Bapa di sorga, di dalam nama Tuhan Yesus Kristus, Tuhan dan Juruselamat kami, kami menyerahkan roh, jiwa, dan tubuh kami pada saat pagi ketika kami datang beribadah dalam rumah-Mu sekarang ini. Engkau jamah, Tuhan, perbaharui, kuatkan, pulihkan, sembuhkan, ubahkan, dan Firman-Mulah yang dapat berbuat sehingga kami dapat menjadi yang lebih baik daripada sebelum kami datang beribadah.
Terima kasih banyak Bapa, urapi mulut bibir hamba-Mu, urapi kami semua.
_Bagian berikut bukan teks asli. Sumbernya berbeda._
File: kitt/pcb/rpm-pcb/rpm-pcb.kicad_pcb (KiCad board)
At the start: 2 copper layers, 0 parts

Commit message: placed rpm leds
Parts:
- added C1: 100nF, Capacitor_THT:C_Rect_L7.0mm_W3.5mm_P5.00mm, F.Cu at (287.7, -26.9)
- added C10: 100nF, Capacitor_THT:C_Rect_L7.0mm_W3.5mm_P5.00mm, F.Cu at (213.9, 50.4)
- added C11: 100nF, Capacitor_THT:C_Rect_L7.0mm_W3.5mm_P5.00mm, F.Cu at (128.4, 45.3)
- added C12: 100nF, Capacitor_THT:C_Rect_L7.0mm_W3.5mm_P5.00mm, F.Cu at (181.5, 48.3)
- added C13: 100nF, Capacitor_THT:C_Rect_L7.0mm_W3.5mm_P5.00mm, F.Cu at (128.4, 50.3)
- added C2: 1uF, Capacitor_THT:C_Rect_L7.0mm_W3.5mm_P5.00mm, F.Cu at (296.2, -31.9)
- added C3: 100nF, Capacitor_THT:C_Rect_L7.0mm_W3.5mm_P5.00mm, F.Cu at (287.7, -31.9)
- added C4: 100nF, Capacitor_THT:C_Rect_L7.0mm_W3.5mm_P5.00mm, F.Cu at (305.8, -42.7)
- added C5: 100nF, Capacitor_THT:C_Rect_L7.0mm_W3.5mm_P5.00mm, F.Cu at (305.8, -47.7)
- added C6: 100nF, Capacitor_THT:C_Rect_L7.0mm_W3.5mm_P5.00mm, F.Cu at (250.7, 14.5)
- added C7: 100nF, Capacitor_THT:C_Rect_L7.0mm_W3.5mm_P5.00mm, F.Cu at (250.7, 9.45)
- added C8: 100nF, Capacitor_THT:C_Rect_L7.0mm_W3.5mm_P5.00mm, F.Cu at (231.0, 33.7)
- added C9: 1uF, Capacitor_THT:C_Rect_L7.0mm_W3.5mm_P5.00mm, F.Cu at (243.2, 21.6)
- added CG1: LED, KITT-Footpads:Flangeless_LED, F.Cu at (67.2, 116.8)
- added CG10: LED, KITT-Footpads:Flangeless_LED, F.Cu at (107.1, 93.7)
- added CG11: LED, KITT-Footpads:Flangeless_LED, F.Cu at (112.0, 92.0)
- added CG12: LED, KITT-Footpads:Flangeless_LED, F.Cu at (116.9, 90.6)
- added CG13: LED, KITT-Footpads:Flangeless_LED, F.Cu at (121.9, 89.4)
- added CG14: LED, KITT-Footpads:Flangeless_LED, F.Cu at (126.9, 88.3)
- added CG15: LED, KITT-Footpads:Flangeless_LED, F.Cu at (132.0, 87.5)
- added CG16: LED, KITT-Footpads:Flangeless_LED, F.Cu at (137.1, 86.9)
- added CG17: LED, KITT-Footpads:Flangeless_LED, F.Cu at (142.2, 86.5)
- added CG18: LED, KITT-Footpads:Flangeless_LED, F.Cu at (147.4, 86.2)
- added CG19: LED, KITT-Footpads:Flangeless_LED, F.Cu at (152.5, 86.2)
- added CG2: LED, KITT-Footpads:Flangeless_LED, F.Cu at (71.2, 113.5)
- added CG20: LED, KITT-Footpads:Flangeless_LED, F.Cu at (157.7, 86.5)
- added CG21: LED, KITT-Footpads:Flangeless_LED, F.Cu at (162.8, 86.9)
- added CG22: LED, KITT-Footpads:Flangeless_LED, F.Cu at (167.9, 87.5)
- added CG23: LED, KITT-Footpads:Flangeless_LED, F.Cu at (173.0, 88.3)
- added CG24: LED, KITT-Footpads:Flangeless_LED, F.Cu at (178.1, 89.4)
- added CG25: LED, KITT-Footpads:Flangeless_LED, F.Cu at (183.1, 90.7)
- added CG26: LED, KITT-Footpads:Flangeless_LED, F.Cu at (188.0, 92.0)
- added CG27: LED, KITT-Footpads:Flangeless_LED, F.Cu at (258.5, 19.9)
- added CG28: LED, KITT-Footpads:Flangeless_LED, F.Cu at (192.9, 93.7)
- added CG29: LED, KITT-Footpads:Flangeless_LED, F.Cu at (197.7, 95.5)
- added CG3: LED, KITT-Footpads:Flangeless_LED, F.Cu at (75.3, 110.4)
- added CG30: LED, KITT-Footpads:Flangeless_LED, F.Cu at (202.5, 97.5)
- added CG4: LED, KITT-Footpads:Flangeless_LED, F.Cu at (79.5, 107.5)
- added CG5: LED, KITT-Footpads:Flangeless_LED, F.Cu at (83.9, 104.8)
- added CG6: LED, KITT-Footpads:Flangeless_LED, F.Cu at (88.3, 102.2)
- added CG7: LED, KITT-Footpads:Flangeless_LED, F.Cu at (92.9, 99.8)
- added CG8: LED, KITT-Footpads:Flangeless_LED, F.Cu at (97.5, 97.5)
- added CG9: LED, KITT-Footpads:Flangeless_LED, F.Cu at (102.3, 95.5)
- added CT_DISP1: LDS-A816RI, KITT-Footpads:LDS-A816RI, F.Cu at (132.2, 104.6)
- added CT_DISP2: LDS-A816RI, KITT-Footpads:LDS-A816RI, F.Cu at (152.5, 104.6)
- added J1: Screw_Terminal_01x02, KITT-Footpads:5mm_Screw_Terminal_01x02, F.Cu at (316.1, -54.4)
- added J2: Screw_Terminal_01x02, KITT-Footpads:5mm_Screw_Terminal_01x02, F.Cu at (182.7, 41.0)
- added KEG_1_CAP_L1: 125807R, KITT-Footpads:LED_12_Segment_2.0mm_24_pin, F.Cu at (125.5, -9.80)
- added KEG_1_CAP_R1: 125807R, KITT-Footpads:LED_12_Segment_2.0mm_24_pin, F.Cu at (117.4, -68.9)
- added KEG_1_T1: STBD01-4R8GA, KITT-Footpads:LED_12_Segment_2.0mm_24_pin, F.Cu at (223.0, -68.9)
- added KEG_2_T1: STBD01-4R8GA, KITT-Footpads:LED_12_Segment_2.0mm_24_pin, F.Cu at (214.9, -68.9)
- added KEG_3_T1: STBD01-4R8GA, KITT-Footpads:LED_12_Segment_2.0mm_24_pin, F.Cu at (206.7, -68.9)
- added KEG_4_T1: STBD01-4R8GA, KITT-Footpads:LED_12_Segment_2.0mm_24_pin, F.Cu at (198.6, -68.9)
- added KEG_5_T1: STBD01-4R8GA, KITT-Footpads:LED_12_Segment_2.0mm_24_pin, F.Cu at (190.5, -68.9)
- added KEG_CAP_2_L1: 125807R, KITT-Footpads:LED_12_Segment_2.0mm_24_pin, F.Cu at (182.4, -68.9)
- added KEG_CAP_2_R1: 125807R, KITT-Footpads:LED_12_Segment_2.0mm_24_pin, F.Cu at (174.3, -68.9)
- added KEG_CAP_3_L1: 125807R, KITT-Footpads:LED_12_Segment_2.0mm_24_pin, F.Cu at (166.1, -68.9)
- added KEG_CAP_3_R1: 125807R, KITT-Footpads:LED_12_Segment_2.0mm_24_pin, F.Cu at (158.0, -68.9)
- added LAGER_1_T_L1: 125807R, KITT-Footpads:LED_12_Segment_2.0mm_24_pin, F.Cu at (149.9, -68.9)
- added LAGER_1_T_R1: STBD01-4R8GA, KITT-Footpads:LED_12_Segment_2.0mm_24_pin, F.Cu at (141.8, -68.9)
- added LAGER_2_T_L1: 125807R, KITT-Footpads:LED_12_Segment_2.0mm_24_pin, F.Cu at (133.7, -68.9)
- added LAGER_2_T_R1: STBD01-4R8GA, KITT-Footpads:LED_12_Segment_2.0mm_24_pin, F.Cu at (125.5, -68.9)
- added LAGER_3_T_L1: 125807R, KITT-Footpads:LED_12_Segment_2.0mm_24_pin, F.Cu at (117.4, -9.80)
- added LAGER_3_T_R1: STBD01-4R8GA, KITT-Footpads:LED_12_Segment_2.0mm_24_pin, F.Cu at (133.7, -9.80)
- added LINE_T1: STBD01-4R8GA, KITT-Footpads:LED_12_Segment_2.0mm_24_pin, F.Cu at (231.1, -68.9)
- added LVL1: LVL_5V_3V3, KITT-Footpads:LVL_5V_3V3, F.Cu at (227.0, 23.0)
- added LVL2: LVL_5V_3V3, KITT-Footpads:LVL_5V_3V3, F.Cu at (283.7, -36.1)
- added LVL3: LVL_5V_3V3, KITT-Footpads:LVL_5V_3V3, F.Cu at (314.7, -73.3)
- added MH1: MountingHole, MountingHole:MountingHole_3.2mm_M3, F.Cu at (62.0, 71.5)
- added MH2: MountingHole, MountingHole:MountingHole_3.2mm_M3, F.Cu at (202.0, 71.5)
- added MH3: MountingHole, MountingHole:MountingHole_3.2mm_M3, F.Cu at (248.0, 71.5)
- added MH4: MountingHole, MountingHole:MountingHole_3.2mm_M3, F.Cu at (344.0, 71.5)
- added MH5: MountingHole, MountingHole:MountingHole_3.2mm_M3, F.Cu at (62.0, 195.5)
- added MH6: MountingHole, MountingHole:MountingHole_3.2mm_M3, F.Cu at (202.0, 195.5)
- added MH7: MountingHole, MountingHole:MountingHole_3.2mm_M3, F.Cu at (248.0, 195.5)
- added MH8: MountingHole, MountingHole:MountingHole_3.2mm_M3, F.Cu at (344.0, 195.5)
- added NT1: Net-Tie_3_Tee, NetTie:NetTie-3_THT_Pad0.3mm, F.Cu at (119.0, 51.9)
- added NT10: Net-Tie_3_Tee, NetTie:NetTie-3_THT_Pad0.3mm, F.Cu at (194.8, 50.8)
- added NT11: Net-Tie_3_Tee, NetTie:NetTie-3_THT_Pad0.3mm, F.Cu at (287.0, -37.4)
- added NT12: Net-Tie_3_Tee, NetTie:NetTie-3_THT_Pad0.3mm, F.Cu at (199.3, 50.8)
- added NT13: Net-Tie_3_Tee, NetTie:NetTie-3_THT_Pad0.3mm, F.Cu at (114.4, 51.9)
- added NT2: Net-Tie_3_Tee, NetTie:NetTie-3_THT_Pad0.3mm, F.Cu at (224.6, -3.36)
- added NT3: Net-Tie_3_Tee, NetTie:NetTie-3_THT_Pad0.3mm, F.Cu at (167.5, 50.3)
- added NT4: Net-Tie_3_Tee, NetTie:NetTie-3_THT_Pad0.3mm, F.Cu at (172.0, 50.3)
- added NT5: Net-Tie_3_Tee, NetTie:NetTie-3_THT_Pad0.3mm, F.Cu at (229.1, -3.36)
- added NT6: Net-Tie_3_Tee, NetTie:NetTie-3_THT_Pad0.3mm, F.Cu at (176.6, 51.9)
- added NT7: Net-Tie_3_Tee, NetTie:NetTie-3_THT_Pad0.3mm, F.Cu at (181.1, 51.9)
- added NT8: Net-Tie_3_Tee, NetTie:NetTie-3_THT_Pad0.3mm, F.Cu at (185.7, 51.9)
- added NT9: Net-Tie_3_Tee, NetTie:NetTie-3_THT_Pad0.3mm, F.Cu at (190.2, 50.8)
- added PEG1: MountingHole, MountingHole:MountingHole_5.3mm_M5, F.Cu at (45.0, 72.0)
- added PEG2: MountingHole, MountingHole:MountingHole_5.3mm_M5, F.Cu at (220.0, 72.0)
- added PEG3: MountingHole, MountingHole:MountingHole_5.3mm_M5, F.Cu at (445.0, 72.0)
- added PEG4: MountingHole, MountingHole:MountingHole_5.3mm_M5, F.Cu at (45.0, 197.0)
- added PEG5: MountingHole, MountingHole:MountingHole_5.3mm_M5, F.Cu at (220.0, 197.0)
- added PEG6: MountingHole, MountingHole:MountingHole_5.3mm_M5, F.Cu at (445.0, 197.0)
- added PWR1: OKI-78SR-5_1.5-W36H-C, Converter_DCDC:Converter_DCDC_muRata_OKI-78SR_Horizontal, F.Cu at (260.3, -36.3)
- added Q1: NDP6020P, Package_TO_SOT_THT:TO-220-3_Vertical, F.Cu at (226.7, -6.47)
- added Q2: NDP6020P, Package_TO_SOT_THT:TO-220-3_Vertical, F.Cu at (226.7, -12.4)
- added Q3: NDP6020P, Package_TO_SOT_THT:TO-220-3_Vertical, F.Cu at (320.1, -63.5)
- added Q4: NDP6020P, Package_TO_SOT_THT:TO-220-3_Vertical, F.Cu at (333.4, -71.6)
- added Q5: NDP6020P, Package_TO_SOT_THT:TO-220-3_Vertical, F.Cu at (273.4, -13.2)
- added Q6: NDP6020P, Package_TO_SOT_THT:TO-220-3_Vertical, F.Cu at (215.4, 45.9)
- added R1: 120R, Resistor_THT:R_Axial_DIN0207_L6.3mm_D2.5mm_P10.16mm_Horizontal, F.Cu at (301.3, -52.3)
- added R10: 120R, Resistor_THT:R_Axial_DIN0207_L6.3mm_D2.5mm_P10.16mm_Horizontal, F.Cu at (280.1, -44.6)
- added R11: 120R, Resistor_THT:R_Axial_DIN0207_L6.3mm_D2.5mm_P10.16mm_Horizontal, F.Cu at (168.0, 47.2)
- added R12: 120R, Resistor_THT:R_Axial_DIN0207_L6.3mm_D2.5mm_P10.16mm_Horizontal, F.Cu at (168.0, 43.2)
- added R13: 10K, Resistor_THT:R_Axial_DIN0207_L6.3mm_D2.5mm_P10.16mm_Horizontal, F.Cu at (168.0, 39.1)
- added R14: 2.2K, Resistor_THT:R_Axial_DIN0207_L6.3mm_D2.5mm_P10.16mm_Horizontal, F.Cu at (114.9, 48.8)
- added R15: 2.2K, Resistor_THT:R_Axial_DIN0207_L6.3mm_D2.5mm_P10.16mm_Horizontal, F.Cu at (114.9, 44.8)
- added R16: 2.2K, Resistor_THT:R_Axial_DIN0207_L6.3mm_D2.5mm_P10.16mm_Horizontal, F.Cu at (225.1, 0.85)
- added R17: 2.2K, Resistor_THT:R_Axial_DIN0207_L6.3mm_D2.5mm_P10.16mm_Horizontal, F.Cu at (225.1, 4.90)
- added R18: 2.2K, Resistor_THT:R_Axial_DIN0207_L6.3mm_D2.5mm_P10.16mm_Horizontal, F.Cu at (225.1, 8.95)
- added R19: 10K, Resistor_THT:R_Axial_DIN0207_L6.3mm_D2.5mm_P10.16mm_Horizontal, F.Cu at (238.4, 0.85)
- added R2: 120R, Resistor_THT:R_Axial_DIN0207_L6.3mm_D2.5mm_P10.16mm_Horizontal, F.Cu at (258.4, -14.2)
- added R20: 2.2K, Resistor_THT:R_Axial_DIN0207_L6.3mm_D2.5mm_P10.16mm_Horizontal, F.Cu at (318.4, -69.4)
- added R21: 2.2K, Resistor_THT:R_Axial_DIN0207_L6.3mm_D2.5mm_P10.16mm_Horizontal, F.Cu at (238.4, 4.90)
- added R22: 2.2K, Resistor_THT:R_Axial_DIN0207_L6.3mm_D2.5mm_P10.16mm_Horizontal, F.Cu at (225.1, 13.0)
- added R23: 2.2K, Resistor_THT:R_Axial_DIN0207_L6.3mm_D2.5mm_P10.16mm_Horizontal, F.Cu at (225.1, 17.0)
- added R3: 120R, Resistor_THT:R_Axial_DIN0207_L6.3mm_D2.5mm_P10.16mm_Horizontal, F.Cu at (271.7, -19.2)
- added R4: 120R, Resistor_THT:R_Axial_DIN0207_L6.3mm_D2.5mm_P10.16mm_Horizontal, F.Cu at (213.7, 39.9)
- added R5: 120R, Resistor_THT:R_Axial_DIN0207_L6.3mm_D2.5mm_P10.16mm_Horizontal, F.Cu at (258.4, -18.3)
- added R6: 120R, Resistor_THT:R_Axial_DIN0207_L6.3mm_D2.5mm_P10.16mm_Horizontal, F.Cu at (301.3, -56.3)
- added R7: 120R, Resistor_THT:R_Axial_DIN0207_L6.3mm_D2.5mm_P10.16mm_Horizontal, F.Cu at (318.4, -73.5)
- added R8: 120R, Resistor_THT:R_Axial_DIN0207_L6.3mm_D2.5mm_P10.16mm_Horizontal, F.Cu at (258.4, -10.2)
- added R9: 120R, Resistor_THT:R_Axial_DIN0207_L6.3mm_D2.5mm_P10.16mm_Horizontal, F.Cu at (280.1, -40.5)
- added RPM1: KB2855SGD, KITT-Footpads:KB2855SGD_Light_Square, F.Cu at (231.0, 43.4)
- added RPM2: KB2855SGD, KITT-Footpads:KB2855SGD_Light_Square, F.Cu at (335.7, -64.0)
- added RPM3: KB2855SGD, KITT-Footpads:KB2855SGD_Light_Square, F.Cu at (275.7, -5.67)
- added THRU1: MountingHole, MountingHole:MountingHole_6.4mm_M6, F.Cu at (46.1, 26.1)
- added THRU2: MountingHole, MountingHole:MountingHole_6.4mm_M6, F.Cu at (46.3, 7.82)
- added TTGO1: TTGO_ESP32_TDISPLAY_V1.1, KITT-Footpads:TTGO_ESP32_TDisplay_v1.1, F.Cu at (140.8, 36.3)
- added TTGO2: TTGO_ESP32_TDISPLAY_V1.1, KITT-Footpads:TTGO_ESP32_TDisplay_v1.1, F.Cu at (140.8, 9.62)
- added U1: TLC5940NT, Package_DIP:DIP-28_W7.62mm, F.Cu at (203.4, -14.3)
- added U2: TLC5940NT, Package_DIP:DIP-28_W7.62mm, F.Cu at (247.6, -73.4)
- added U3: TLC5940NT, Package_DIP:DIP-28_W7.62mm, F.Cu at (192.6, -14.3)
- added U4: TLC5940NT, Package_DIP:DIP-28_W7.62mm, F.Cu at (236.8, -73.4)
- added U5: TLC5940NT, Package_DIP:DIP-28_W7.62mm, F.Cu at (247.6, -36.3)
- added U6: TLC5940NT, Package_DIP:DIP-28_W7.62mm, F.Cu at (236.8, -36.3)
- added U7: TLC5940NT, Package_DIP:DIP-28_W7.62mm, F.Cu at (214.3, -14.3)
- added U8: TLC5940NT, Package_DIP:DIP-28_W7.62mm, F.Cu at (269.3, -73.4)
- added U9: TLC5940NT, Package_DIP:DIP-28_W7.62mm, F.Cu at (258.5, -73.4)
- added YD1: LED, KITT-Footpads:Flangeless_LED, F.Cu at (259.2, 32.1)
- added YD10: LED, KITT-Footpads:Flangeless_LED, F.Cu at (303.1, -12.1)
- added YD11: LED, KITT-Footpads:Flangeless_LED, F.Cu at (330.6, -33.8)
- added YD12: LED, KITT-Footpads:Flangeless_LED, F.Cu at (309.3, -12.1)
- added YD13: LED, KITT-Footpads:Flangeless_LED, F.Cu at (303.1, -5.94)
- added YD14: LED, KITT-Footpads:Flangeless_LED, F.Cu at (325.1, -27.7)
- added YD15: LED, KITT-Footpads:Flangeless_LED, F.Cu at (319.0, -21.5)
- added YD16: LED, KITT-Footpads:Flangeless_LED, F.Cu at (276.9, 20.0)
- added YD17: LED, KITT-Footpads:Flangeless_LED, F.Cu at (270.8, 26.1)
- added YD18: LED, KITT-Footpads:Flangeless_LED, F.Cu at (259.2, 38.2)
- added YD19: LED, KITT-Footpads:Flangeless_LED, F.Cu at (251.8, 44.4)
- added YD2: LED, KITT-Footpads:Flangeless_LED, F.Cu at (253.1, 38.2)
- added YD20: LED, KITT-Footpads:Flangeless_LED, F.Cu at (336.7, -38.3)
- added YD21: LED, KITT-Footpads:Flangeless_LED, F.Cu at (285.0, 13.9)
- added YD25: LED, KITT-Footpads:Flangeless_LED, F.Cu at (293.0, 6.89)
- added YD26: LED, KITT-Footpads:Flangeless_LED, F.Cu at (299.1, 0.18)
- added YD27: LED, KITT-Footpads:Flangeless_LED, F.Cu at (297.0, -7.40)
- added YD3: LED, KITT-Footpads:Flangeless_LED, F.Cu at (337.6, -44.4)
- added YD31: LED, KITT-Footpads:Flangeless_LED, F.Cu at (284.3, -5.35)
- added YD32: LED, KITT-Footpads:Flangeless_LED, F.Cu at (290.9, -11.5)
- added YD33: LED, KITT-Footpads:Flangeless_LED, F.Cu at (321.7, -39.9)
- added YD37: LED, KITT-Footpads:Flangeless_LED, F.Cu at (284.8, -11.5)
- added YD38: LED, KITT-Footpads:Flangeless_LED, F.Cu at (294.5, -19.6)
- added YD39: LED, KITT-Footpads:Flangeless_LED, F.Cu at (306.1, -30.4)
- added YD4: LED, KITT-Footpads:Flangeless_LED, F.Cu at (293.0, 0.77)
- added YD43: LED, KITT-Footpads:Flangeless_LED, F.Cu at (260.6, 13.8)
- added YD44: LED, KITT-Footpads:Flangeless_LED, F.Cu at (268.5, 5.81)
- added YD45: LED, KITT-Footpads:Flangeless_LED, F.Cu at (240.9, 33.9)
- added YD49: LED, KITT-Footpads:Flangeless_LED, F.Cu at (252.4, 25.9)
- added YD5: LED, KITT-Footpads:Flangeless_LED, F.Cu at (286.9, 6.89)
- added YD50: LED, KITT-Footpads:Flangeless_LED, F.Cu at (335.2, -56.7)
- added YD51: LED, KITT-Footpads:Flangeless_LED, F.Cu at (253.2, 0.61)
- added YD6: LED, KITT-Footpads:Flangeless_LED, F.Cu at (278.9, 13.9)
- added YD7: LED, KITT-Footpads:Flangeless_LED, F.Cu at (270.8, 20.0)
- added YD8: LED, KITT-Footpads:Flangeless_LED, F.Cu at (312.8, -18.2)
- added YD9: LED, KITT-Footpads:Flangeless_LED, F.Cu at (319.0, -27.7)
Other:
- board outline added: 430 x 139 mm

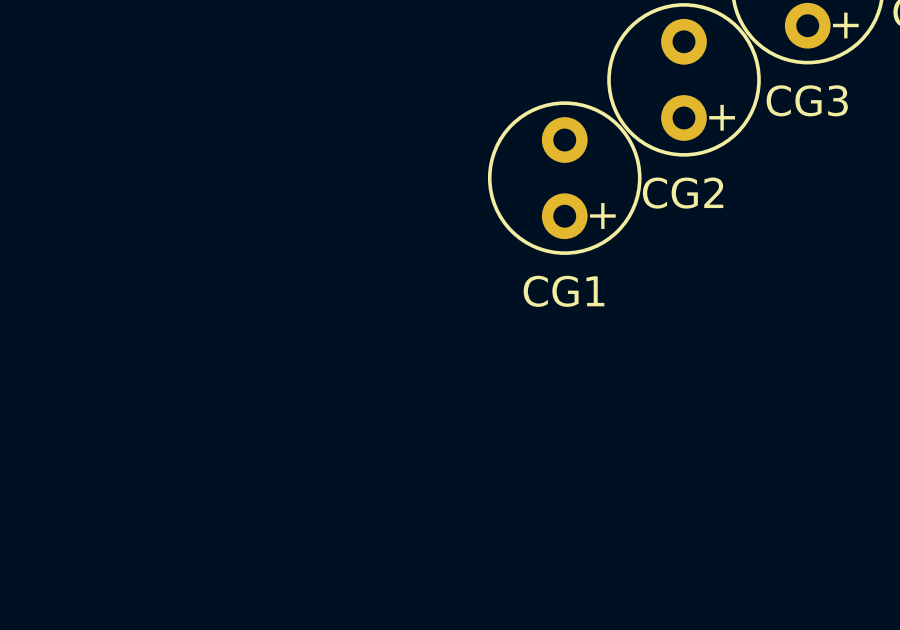
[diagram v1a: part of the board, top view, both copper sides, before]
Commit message: added extra cg led
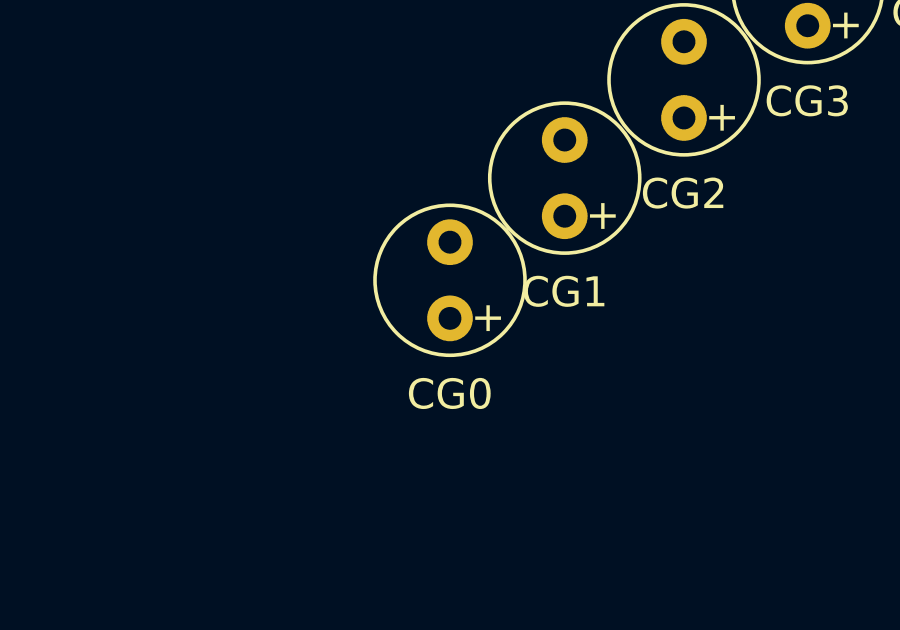
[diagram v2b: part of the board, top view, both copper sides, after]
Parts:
- added CG0: LED, KITT-Footpads:Flangeless_LED, F.Cu at (63.4, 120.2)
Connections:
- U2 pad 28: Net-(U2-Pad28) -> /CG_D0

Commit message: reworked rpm leds
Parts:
- moved CT_DISP1 100.0 mm to (232.2, 104.6)
- moved CT_DISP2 100.0 mm to (252.5, 104.6)
- moved MH1 100.0 mm to (162.0, 71.5)
- moved MH2 100.0 mm to (302.0, 71.5)
- moved MH3 100.0 mm to (348.0, 71.5)
- moved MH5 100.0 mm to (162.0, 195.5)
- moved MH6 100.0 mm to (302.0, 195.5)
- moved MH7 100.0 mm to (348.0, 195.5)
- moved PEG1 100.0 mm to (145.0, 72.0)
- moved PEG2 100.0 mm to (320.0, 72.0)
- moved PEG4 100.0 mm to (145.0, 197.0)
- moved PEG5 100.0 mm to (320.0, 197.0)
- moved CG0 98.3 mm to (161.6, 122.6)
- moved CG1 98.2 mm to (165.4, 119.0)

Kuasa setan, iblis, kegelapan, roh jahat yang akan mengganggu konsentrasi, kami patahkan dalam nama Tuhan Yesus Kristus. Kami siap menerima Firman-Mu. Dalam nama Tuhan Yesus Kristus. Amin.

Selamat pagi dan Shalom, Tuhan begitu baik bagi saya dan Saudara. Apakah semua datang dengan tubuh yang sehat walafiat? Tema Firman Tuhan pagi ini adalah suatu rencana Tuhan yang berbunyi: Saudara dapat menjadi lebih sekedar orang yang biasa-biasa saja!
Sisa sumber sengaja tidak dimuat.